Data entries
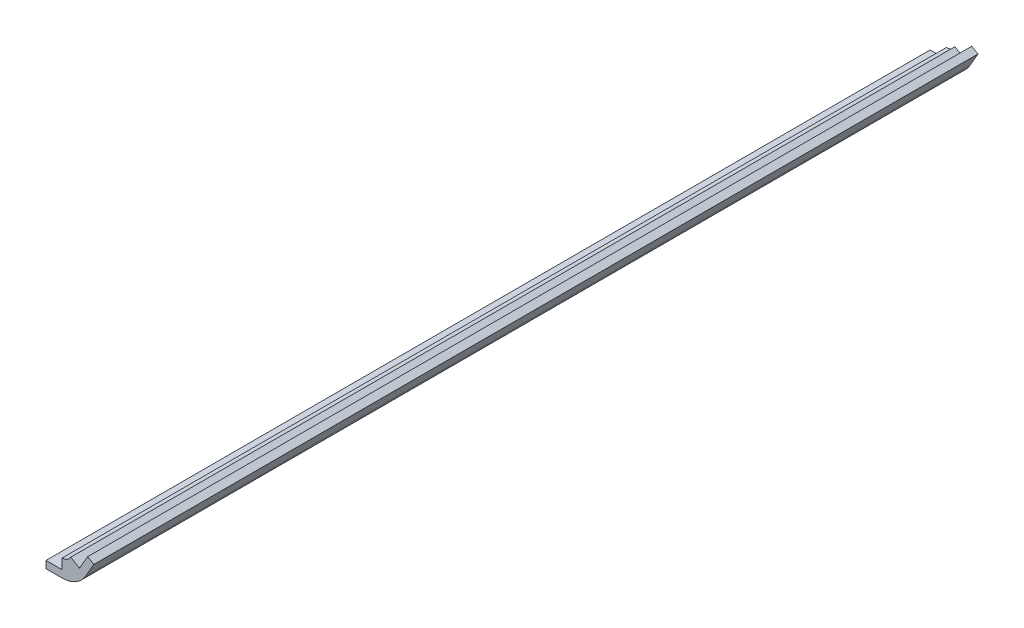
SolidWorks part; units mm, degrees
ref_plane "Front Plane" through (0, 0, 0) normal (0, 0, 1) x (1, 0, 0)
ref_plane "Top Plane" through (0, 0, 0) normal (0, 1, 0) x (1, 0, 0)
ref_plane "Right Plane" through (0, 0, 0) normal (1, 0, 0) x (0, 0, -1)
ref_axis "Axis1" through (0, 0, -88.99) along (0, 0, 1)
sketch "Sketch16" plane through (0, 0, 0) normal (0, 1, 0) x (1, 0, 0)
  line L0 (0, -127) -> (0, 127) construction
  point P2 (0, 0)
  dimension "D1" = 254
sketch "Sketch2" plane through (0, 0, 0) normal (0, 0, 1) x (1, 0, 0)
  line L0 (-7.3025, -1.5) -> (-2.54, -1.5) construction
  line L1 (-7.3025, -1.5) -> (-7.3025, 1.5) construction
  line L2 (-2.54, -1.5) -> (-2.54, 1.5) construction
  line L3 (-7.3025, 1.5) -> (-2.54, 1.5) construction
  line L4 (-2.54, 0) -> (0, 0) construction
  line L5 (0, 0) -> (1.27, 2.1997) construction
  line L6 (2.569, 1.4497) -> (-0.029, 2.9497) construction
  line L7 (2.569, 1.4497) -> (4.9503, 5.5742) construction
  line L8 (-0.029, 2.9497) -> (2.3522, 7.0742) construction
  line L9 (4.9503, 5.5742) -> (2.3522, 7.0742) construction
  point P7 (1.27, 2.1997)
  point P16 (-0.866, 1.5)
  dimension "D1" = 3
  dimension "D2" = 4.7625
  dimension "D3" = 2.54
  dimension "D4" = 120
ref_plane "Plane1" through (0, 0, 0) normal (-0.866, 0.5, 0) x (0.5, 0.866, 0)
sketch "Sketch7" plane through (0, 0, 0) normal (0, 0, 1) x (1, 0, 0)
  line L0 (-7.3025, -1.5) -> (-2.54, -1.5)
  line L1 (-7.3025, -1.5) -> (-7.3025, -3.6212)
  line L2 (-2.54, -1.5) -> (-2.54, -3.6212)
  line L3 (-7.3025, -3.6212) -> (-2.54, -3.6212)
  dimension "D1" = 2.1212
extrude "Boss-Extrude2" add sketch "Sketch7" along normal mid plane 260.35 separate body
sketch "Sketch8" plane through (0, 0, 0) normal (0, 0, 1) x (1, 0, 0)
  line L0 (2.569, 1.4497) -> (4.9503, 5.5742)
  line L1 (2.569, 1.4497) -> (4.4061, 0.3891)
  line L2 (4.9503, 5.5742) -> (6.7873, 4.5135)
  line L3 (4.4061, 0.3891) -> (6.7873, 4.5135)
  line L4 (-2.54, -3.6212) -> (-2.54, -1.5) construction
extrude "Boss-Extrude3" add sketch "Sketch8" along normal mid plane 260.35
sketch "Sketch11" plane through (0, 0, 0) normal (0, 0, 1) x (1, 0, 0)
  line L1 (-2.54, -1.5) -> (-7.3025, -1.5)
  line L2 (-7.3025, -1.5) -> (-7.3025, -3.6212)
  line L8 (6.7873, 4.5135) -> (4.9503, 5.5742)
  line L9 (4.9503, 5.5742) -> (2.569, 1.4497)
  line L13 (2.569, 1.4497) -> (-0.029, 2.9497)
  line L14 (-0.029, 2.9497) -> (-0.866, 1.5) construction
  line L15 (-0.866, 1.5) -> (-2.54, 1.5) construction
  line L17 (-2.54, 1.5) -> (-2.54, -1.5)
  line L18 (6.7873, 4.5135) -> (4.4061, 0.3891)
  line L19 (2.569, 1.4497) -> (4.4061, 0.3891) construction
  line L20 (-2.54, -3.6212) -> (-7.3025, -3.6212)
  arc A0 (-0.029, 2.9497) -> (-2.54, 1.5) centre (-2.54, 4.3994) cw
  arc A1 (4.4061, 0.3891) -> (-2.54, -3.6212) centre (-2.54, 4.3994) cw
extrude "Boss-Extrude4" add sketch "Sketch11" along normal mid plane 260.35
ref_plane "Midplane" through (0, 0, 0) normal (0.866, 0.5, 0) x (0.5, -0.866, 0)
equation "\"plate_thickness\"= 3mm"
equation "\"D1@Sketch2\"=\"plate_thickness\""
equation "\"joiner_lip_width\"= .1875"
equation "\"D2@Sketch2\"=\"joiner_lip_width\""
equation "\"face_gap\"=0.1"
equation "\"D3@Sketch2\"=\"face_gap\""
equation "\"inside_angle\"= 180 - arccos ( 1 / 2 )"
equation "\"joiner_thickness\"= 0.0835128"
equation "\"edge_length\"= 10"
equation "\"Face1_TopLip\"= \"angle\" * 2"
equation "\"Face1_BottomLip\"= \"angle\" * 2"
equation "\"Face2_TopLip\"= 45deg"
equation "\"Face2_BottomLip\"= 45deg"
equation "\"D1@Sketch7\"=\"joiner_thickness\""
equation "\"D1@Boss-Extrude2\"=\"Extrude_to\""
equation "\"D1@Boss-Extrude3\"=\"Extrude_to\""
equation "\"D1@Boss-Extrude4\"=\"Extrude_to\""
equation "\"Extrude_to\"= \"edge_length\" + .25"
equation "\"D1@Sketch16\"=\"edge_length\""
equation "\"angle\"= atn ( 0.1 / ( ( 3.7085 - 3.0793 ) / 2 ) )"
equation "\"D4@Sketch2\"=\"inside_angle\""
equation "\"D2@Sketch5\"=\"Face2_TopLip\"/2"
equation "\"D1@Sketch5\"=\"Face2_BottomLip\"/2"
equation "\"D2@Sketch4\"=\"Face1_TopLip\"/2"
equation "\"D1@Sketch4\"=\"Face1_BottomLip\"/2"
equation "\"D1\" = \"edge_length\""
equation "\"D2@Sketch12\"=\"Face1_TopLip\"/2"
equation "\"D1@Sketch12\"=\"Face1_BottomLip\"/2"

> **Exercise description**: Reproduce the entries above exactly, without images.

> **Response area**:
SolidWorks part; units mm, degrees
ref_plane "Front Plane" through (0, 0, 0) normal (0, 0, 1) x (1, 0, 0)
ref_plane "Top Plane" through (0, 0, 0) normal (0, 1, 0) x (1, 0, 0)
ref_plane "Right Plane" through (0, 0, 0) normal (1, 0, 0) x (0, 0, -1)
ref_axis "Axis1" through (0, 0, -88.99) along (0, 0, 1)
sketch "Sketch16" plane through (0, 0, 0) normal (0, 1, 0) x (1, 0, 0)
  line L0 (0, -127) -> (0, 127) construction
  point P2 (0, 0)
  dimension "D1" = 254
sketch "Sketch2" plane through (0, 0, 0) normal (0, 0, 1) x (1, 0, 0)
  line L0 (-7.3025, -1.5) -> (-2.54, -1.5) construction
  line L1 (-7.3025, -1.5) -> (-7.3025, 1.5) construction
  line L2 (-2.54, -1.5) -> (-2.54, 1.5) construction
  line L3 (-7.3025, 1.5) -> (-2.54, 1.5) construction
  line L4 (-2.54, 0) -> (0, 0) construction
  line L5 (0, 0) -> (1.27, 2.1997) construction
  line L6 (2.569, 1.4497) -> (-0.029, 2.9497) construction
  line L7 (2.569, 1.4497) -> (4.9503, 5.5742) construction
  line L8 (-0.029, 2.9497) -> (2.3522, 7.0742) construction
  line L9 (4.9503, 5.5742) -> (2.3522, 7.0742) construction
  point P7 (1.27, 2.1997)
  point P16 (-0.866, 1.5)
  dimension "D1" = 3
  dimension "D2" = 4.7625
  dimension "D3" = 2.54
  dimension "D4" = 120
ref_plane "Plane1" through (0, 0, 0) normal (-0.866, 0.5, 0) x (0.5, 0.866, 0)
sketch "Sketch7" plane through (0, 0, 0) normal (0, 0, 1) x (1, 0, 0)
  line L0 (-7.3025, -1.5) -> (-2.54, -1.5)
  line L1 (-7.3025, -1.5) -> (-7.3025, -3.6212)
  line L2 (-2.54, -1.5) -> (-2.54, -3.6212)
  line L3 (-7.3025, -3.6212) -> (-2.54, -3.6212)
  dimension "D1" = 2.1212
extrude "Boss-Extrude2" add sketch "Sketch7" along normal mid plane 260.35 separate body
sketch "Sketch8" plane through (0, 0, 0) normal (0, 0, 1) x (1, 0, 0)
  line L0 (2.569, 1.4497) -> (4.9503, 5.5742)
  line L1 (2.569, 1.4497) -> (4.4061, 0.3891)
  line L2 (4.9503, 5.5742) -> (6.7873, 4.5135)
  line L3 (4.4061, 0.3891) -> (6.7873, 4.5135)
  line L4 (-2.54, -3.6212) -> (-2.54, -1.5) construction
extrude "Boss-Extrude3" add sketch "Sketch8" along normal mid plane 260.35
sketch "Sketch11" plane through (0, 0, 0) normal (0, 0, 1) x (1, 0, 0)
  line L1 (-2.54, -1.5) -> (-7.3025, -1.5)
  line L2 (-7.3025, -1.5) -> (-7.3025, -3.6212)
  line L8 (6.7873, 4.5135) -> (4.9503, 5.5742)
  line L9 (4.9503, 5.5742) -> (2.569, 1.4497)
  line L13 (2.569, 1.4497) -> (-0.029, 2.9497)
  line L14 (-0.029, 2.9497) -> (-0.866, 1.5) construction
  line L15 (-0.866, 1.5) -> (-2.54, 1.5) construction
  line L17 (-2.54, 1.5) -> (-2.54, -1.5)
  line L18 (6.7873, 4.5135) -> (4.4061, 0.3891)
  line L19 (2.569, 1.4497) -> (4.4061, 0.3891) construction
  line L20 (-2.54, -3.6212) -> (-7.3025, -3.6212)
  arc A0 (-0.029, 2.9497) -> (-2.54, 1.5) centre (-2.54, 4.3994) cw
  arc A1 (4.4061, 0.3891) -> (-2.54, -3.6212) centre (-2.54, 4.3994) cw
extrude "Boss-Extrude4" add sketch "Sketch11" along normal mid plane 260.35
ref_plane "Midplane" through (0, 0, 0) normal (0.866, 0.5, 0) x (0.5, -0.866, 0)
equation "\"plate_thickness\"= 3mm"
equation "\"D1@Sketch2\"=\"plate_thickness\""
equation "\"joiner_lip_width\"= .1875"
equation "\"D2@Sketch2\"=\"joiner_lip_width\""
equation "\"face_gap\"=0.1"
equation "\"D3@Sketch2\"=\"face_gap\""
equation "\"inside_angle\"= 180 - arccos ( 1 / 2 )"
equation "\"joiner_thickness\"= 0.0835128"
equation "\"edge_length\"= 10"
equation "\"Face1_TopLip\"= \"angle\" * 2"
equation "\"Face1_BottomLip\"= \"angle\" * 2"
equation "\"Face2_TopLip\"= 45deg"
equation "\"Face2_BottomLip\"= 45deg"
equation "\"D1@Sketch7\"=\"joiner_thickness\""
equation "\"D1@Boss-Extrude2\"=\"Extrude_to\""
equation "\"D1@Boss-Extrude3\"=\"Extrude_to\""
equation "\"D1@Boss-Extrude4\"=\"Extrude_to\""
equation "\"Extrude_to\"= \"edge_length\" + .25"
equation "\"D1@Sketch16\"=\"edge_length\""
equation "\"angle\"= atn ( 0.1 / ( ( 3.7085 - 3.0793 ) / 2 ) )"
equation "\"D4@Sketch2\"=\"inside_angle\""
equation "\"D2@Sketch5\"=\"Face2_TopLip\"/2"
equation "\"D1@Sketch5\"=\"Face2_BottomLip\"/2"
equation "\"D2@Sketch4\"=\"Face1_TopLip\"/2"
equation "\"D1@Sketch4\"=\"Face1_BottomLip\"/2"
equation "\"D1\" = \"edge_length\""
equation "\"D2@Sketch12\"=\"Face1_TopLip\"/2"
equation "\"D1@Sketch12\"=\"Face1_BottomLip\"/2"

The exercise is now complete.